Record excerpts:

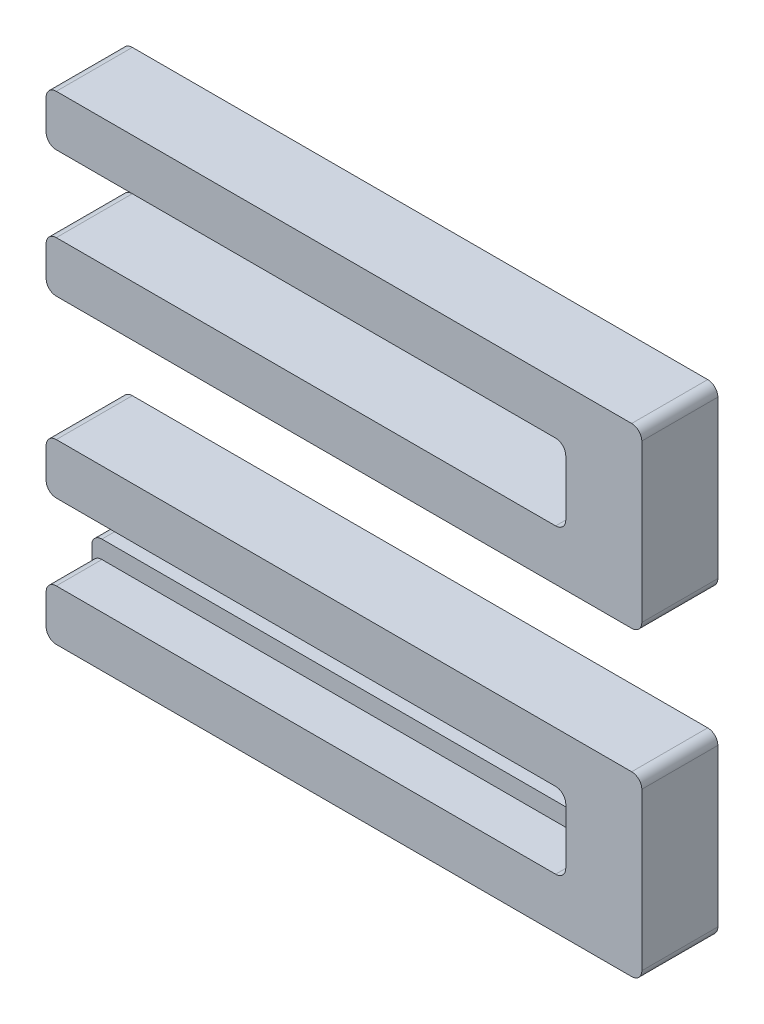
from build123d import *

# Parameters (mm, degrees)
BOSS_EXTRUDE1_DEPTH   = 3
BOSS_EXTRUDE1_2_DEPTH = 3
SKETCH2_4_W           = 20.5
SKETCH2_4_H           = 0.7
BOSS_EXTRUDE3_DEPTH   = 1.2
FILLET2_R             = 0.4
FILLET3_R             = 0.4


with BuildPart() as part:
    # Sketch2 → Boss-Extrude1 (new body)
    with BuildSketch(Plane.XY):
        Polygon((0, 2), (0, 0), (23.5, 0), (23.5, 7), (0, 7), (0, 5), (20.5, 5), (20.5, 2), align=None)
    extrude(amount=BOSS_EXTRUDE1_DEPTH)



with BuildPart() as body_2:
    # Sketch2 → Boss-Extrude1 2 (new body)
    with BuildSketch(Plane.XY):
        Polygon((20.5, -6.899471306), (20.5, -9.899471306), (0, -9.899471306), (0, -11.899471306), (23.5, -11.899471306), (23.5, -4.899471306), (0, -4.899471306), (0, -6.899471306), align=None)
    extrude(amount=BOSS_EXTRUDE1_2_DEPTH)


with BuildPart() as part_1:
    add(part.part)

    add(body_2.part)  # Boss-Extrude3 merges body 2
    # Sketch2_4 → Boss-Extrude3 (add)
    with BuildSketch(Plane.XY):
        with Locations((10.25, 4.65)):
            Rectangle(SKETCH2_4_W, SKETCH2_4_H)
        with Locations((10.25, -9.549471306)):
            Rectangle(SKETCH2_4_W, SKETCH2_4_H)
    extrude(amount=BOSS_EXTRUDE3_DEPTH)

    # Fillet2
    fillet2_edges = [part_1.edges().sort_by_distance(p)[0] for p in [
        (0, 5, 2.1),
        (20.5, 2, 1.5),
        (20.5, 4.3, 0.6),
        (20.5, 5, 2.1),
        (23.5, 7, 1.5),
        (23.5, 0, 1.5),
        (0, 0, 1.5),
        (0, 2, 1.5),
        (0, 4.3, 0.6),
        (0, 7, 1.5),
    ]]
    fillet(fillet2_edges, radius=FILLET2_R)

    # Fillet3
    fillet3_edges = [part_1.edges().sort_by_distance(p)[0] for p in [
        (23.5, -11.899471306, 1.5),
        (23.5, -4.899471306, 1.5),
        (20.5, -6.899471306, 1.5),
        (20.5, -9.899471306, 2.1),
        (20.5, -9.199471306, 0.6),
        (0, -11.899471306, 1.5),
        (0, -9.899471306, 2.1),
        (0, -9.199471306, 0.6),
        (0, -4.899471306, 1.5),
        (0, -6.899471306, 1.5),
    ]]
    fillet(fillet3_edges, radius=FILLET3_R)


solid = part_1.part
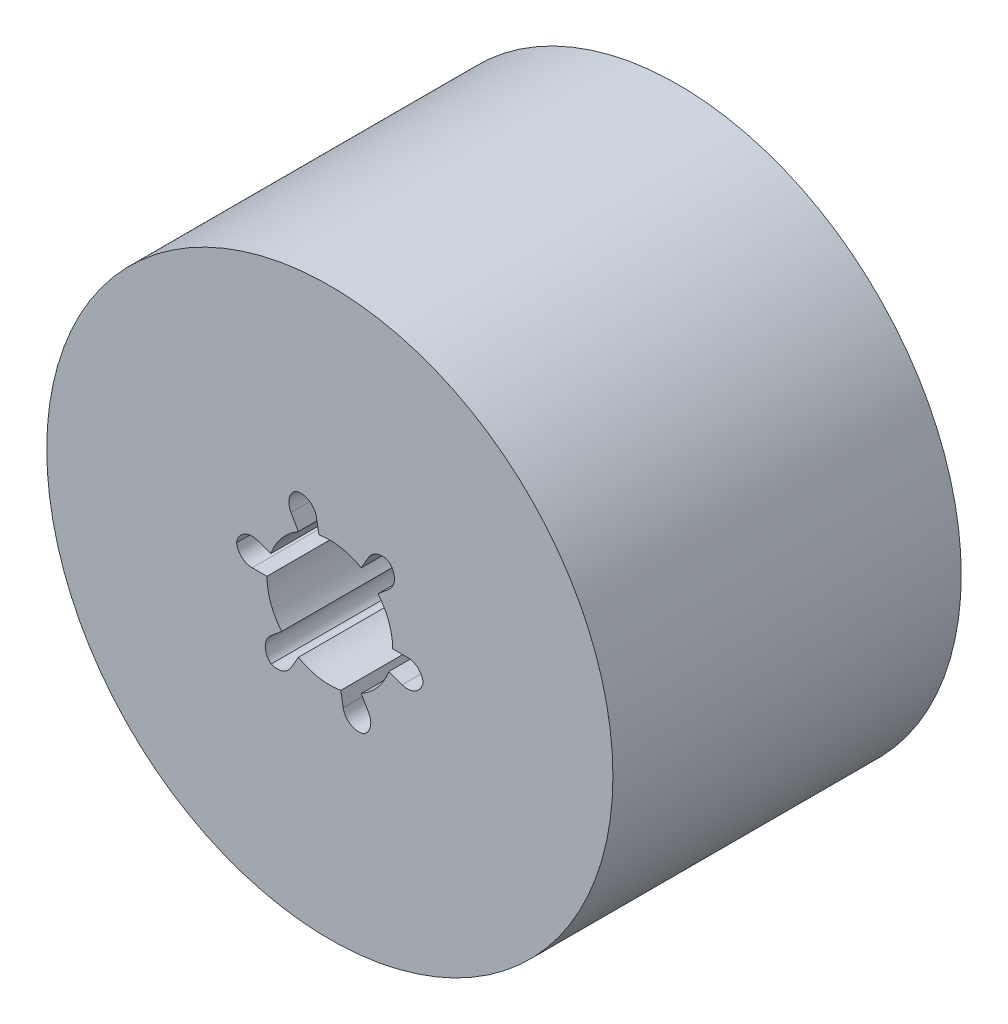
from build123d import *

# Parameters (mm, degrees)
SKETCH1_W                      = 22.51077
SKETCH1_H                      = 27.7
CUT_EXTRUDE1_DEPTH             = 18.95
F_7_5_7_5_DIAMETER_HOLE1_D     = 7.5
F_7_5_7_5_DIAMETER_HOLE1_DEPTH = 3.75


with BuildPart() as part:
    # Sketch1 → Revolve1 (revolve)
    with BuildSketch(Plane(origin=(0, -43.060148556, 0), x_dir=(1, 0, 0), z_dir=(0, 1, 0))):
        with Locations((-73.512097724, -49.65)):
            Rectangle(SKETCH1_W, SKETCH1_H)
    revolve(axis=Axis((-84.767482724, -43.060148556, 35.8), (0, 0, 1)))

    # Sketch2 → Cut-Extrude1 (cut)
    with BuildSketch(Plane.XY.offset(63.5)):
        with BuildLine():
            Line((-85.635723612, -38.136109791), (-85.830856299, -37.029457332))
            ThreePointArc((-85.830856299, -37.029457332), (-86.451441226, -36.155700609), (-87.520742643, -36.083791354))
            ThreePointArc((-87.520742643, -36.083791354), (-87.997695155, -36.833554149), (-87.855939444, -37.7107846))
            Line((-87.855939444, -37.7107846), (-87.267482724, -38.730021537))
            ThreePointArc((-87.267482724, -38.730021537), (-88.597704939, -39.846210508), (-89.465945828, -41.350047839))
            Line((-89.465945828, -41.350047839), (-90.521901314, -40.965711474))
            ThreePointArc((-90.521901314, -40.965711474), (-91.588889296, -41.066275425), (-92.185815247, -41.956362989))
            ThreePointArc((-92.185815247, -41.956362989), (-91.774977875, -42.744297377), (-90.944396164, -43.060148556))
            Line((-90.944396164, -43.060148556), (-89.767482724, -43.060148556))
            ThreePointArc((-89.767482724, -43.060148556), (-89.465945828, -44.770249273), (-88.597704939, -46.274086605))
            Line((-88.597704939, -46.274086605), (-89.458527739, -46.996402698))
            ThreePointArc((-89.458527739, -46.996402698), (-89.904930794, -47.970723371), (-89.432555327, -48.932720191))
            ThreePointArc((-89.432555327, -48.932720191), (-88.544765444, -48.970891785), (-87.855939444, -48.409512512))
            Line((-87.855939444, -48.409512512), (-87.267482724, -47.390275575))
            ThreePointArc((-87.267482724, -47.390275575), (-85.635723612, -47.984187321), (-83.899241835, -47.984187321))
            Line((-83.899241835, -47.984187321), (-83.704109149, -49.09083978))
            ThreePointArc((-83.704109149, -49.09083978), (-83.083524222, -49.964596503), (-82.014222804, -50.036505758))
            ThreePointArc((-82.014222804, -50.036505758), (-81.537270293, -49.286742964), (-81.679026004, -48.409512512))
            Line((-81.679026004, -48.409512512), (-82.267482724, -47.390275575))
            ThreePointArc((-82.267482724, -47.390275575), (-80.937260508, -46.274086605), (-80.06901962, -44.770249273))
            Line((-80.06901962, -44.770249273), (-79.013064134, -45.154585638))
            ThreePointArc((-79.013064134, -45.154585638), (-77.946076152, -45.054021688), (-77.349150201, -44.163934124))
            ThreePointArc((-77.349150201, -44.163934124), (-77.759987572, -43.375999735), (-78.590569284, -43.060148556))
            Line((-78.590569284, -43.060148556), (-79.767482724, -43.060148556))
            ThreePointArc((-79.767482724, -43.060148556), (-80.06901962, -41.350047839), (-80.937260508, -39.846210508))
            Line((-80.937260508, -39.846210508), (-80.076437709, -39.123894414))
            ThreePointArc((-80.076437709, -39.123894414), (-79.630034654, -38.149573741), (-80.10241012, -37.187576921))
            ThreePointArc((-80.10241012, -37.187576921), (-80.990200003, -37.149405327), (-81.679026004, -37.7107846))
            Line((-81.679026004, -37.7107846), (-82.267482724, -38.730021537))
            ThreePointArc((-82.267482724, -38.730021537), (-83.899241835, -38.136109791), (-85.635723612, -38.136109791))
        make_face()
    extrude(amount=-CUT_EXTRUDE1_DEPTH, mode=Mode.SUBTRACT)

    # Ø7.5 (7.5) Diameter Hole1
    with Locations(Plane.XY.offset(44.55)):
        with Locations((-84.767482724, -43.060148556)):
            Hole(F_7_5_7_5_DIAMETER_HOLE1_D / 2, depth=F_7_5_7_5_DIAMETER_HOLE1_DEPTH)


solid = part.part

What you need to do: Without including a single picture, restate all of the data word for word.

Exercise response:
from build123d import *

# Parameters (mm, degrees)
BOSS_EXTRUDE1_DEPTH   = 3
BOSS_EXTRUDE1_2_DEPTH = 3
SKETCH2_4_W           = 20.5
SKETCH2_4_H           = 0.7
BOSS_EXTRUDE3_DEPTH   = 1.2
FILLET2_R             = 0.4
FILLET3_R             = 0.4


with BuildPart() as part:
    # Sketch2 → Boss-Extrude1 (new body)
    with BuildSketch(Plane.XY):
        Polygon((0, 2), (0, 0), (23.5, 0), (23.5, 7), (0, 7), (0, 5), (20.5, 5), (20.5, 2), align=None)
    extrude(amount=BOSS_EXTRUDE1_DEPTH)



with BuildPart() as body_2:
    # Sketch2 → Boss-Extrude1 2 (new body)
    with BuildSketch(Plane.XY):
        Polygon((20.5, -6.899471306), (20.5, -9.899471306), (0, -9.899471306), (0, -11.899471306), (23.5, -11.899471306), (23.5, -4.899471306), (0, -4.899471306), (0, -6.899471306), align=None)
    extrude(amount=BOSS_EXTRUDE1_2_DEPTH)


with BuildPart() as part_1:
    add(part.part)

    add(body_2.part)  # Boss-Extrude3 merges body 2
    # Sketch2_4 → Boss-Extrude3 (add)
    with BuildSketch(Plane.XY):
        with Locations((10.25, 4.65)):
            Rectangle(SKETCH2_4_W, SKETCH2_4_H)
        with Locations((10.25, -9.549471306)):
            Rectangle(SKETCH2_4_W, SKETCH2_4_H)
    extrude(amount=BOSS_EXTRUDE3_DEPTH)

    # Fillet2
    fillet2_edges = [part_1.edges().sort_by_distance(p)[0] for p in [
        (0, 5, 2.1),
        (20.5, 2, 1.5),
        (20.5, 4.3, 0.6),
        (20.5, 5, 2.1),
        (23.5, 7, 1.5),
        (23.5, 0, 1.5),
        (0, 0, 1.5),
        (0, 2, 1.5),
        (0, 4.3, 0.6),
        (0, 7, 1.5),
    ]]
    fillet(fillet2_edges, radius=FILLET2_R)

    # Fillet3
    fillet3_edges = [part_1.edges().sort_by_distance(p)[0] for p in [
        (23.5, -11.899471306, 1.5),
        (23.5, -4.899471306, 1.5),
        (20.5, -6.899471306, 1.5),
        (20.5, -9.899471306, 2.1),
        (20.5, -9.199471306, 0.6),
        (0, -11.899471306, 1.5),
        (0, -9.899471306, 2.1),
        (0, -9.199471306, 0.6),
        (0, -4.899471306, 1.5),
        (0, -6.899471306, 1.5),
    ]]
    fillet(fillet3_edges, radius=FILLET3_R)


solid = part_1.part
from build123d import *

# Parameters (mm, degrees)
SKETCH1_W                      = 22.51077
SKETCH1_H                      = 27.7
CUT_EXTRUDE1_DEPTH             = 18.95
F_7_5_7_5_DIAMETER_HOLE1_D     = 7.5
F_7_5_7_5_DIAMETER_HOLE1_DEPTH = 3.75


with BuildPart() as part:
    # Sketch1 → Revolve1 (revolve)
    with BuildSketch(Plane(origin=(0, -43.060148556, 0), x_dir=(1, 0, 0), z_dir=(0, 1, 0))):
        with Locations((-73.512097724, -49.65)):
            Rectangle(SKETCH1_W, SKETCH1_H)
    revolve(axis=Axis((-84.767482724, -43.060148556, 35.8), (0, 0, 1)))

    # Sketch2 → Cut-Extrude1 (cut)
    with BuildSketch(Plane.XY.offset(63.5)):
        with BuildLine():
            Line((-85.635723612, -38.136109791), (-85.830856299, -37.029457332))
            ThreePointArc((-85.830856299, -37.029457332), (-86.451441226, -36.155700609), (-87.520742643, -36.083791354))
            ThreePointArc((-87.520742643, -36.083791354), (-87.997695155, -36.833554149), (-87.855939444, -37.7107846))
            Line((-87.855939444, -37.7107846), (-87.267482724, -38.730021537))
            ThreePointArc((-87.267482724, -38.730021537), (-88.597704939, -39.846210508), (-89.465945828, -41.350047839))
            Line((-89.465945828, -41.350047839), (-90.521901314, -40.965711474))
            ThreePointArc((-90.521901314, -40.965711474), (-91.588889296, -41.066275425), (-92.185815247, -41.956362989))
            ThreePointArc((-92.185815247, -41.956362989), (-91.774977875, -42.744297377), (-90.944396164, -43.060148556))
            Line((-90.944396164, -43.060148556), (-89.767482724, -43.060148556))
            ThreePointArc((-89.767482724, -43.060148556), (-89.465945828, -44.770249273), (-88.597704939, -46.274086605))
            Line((-88.597704939, -46.274086605), (-89.458527739, -46.996402698))
            ThreePointArc((-89.458527739, -46.996402698), (-89.904930794, -47.970723371), (-89.432555327, -48.932720191))
            ThreePointArc((-89.432555327, -48.932720191), (-88.544765444, -48.970891785), (-87.855939444, -48.409512512))
            Line((-87.855939444, -48.409512512), (-87.267482724, -47.390275575))
            ThreePointArc((-87.267482724, -47.390275575), (-85.635723612, -47.984187321), (-83.899241835, -47.984187321))
            Line((-83.899241835, -47.984187321), (-83.704109149, -49.09083978))
            ThreePointArc((-83.704109149, -49.09083978), (-83.083524222, -49.964596503), (-82.014222804, -50.036505758))
            ThreePointArc((-82.014222804, -50.036505758), (-81.537270293, -49.286742964), (-81.679026004, -48.409512512))
            Line((-81.679026004, -48.409512512), (-82.267482724, -47.390275575))
            ThreePointArc((-82.267482724, -47.390275575), (-80.937260508, -46.274086605), (-80.06901962, -44.770249273))
            Line((-80.06901962, -44.770249273), (-79.013064134, -45.154585638))
            ThreePointArc((-79.013064134, -45.154585638), (-77.946076152, -45.054021688), (-77.349150201, -44.163934124))
            ThreePointArc((-77.349150201, -44.163934124), (-77.759987572, -43.375999735), (-78.590569284, -43.060148556))
            Line((-78.590569284, -43.060148556), (-79.767482724, -43.060148556))
            ThreePointArc((-79.767482724, -43.060148556), (-80.06901962, -41.350047839), (-80.937260508, -39.846210508))
            Line((-80.937260508, -39.846210508), (-80.076437709, -39.123894414))
            ThreePointArc((-80.076437709, -39.123894414), (-79.630034654, -38.149573741), (-80.10241012, -37.187576921))
            ThreePointArc((-80.10241012, -37.187576921), (-80.990200003, -37.149405327), (-81.679026004, -37.7107846))
            Line((-81.679026004, -37.7107846), (-82.267482724, -38.730021537))
            ThreePointArc((-82.267482724, -38.730021537), (-83.899241835, -38.136109791), (-85.635723612, -38.136109791))
        make_face()
    extrude(amount=-CUT_EXTRUDE1_DEPTH, mode=Mode.SUBTRACT)

    # Ø7.5 (7.5) Diameter Hole1
    with Locations(Plane.XY.offset(44.55)):
        with Locations((-84.767482724, -43.060148556)):
            Hole(F_7_5_7_5_DIAMETER_HOLE1_D / 2, depth=F_7_5_7_5_DIAMETER_HOLE1_DEPTH)


solid = part.part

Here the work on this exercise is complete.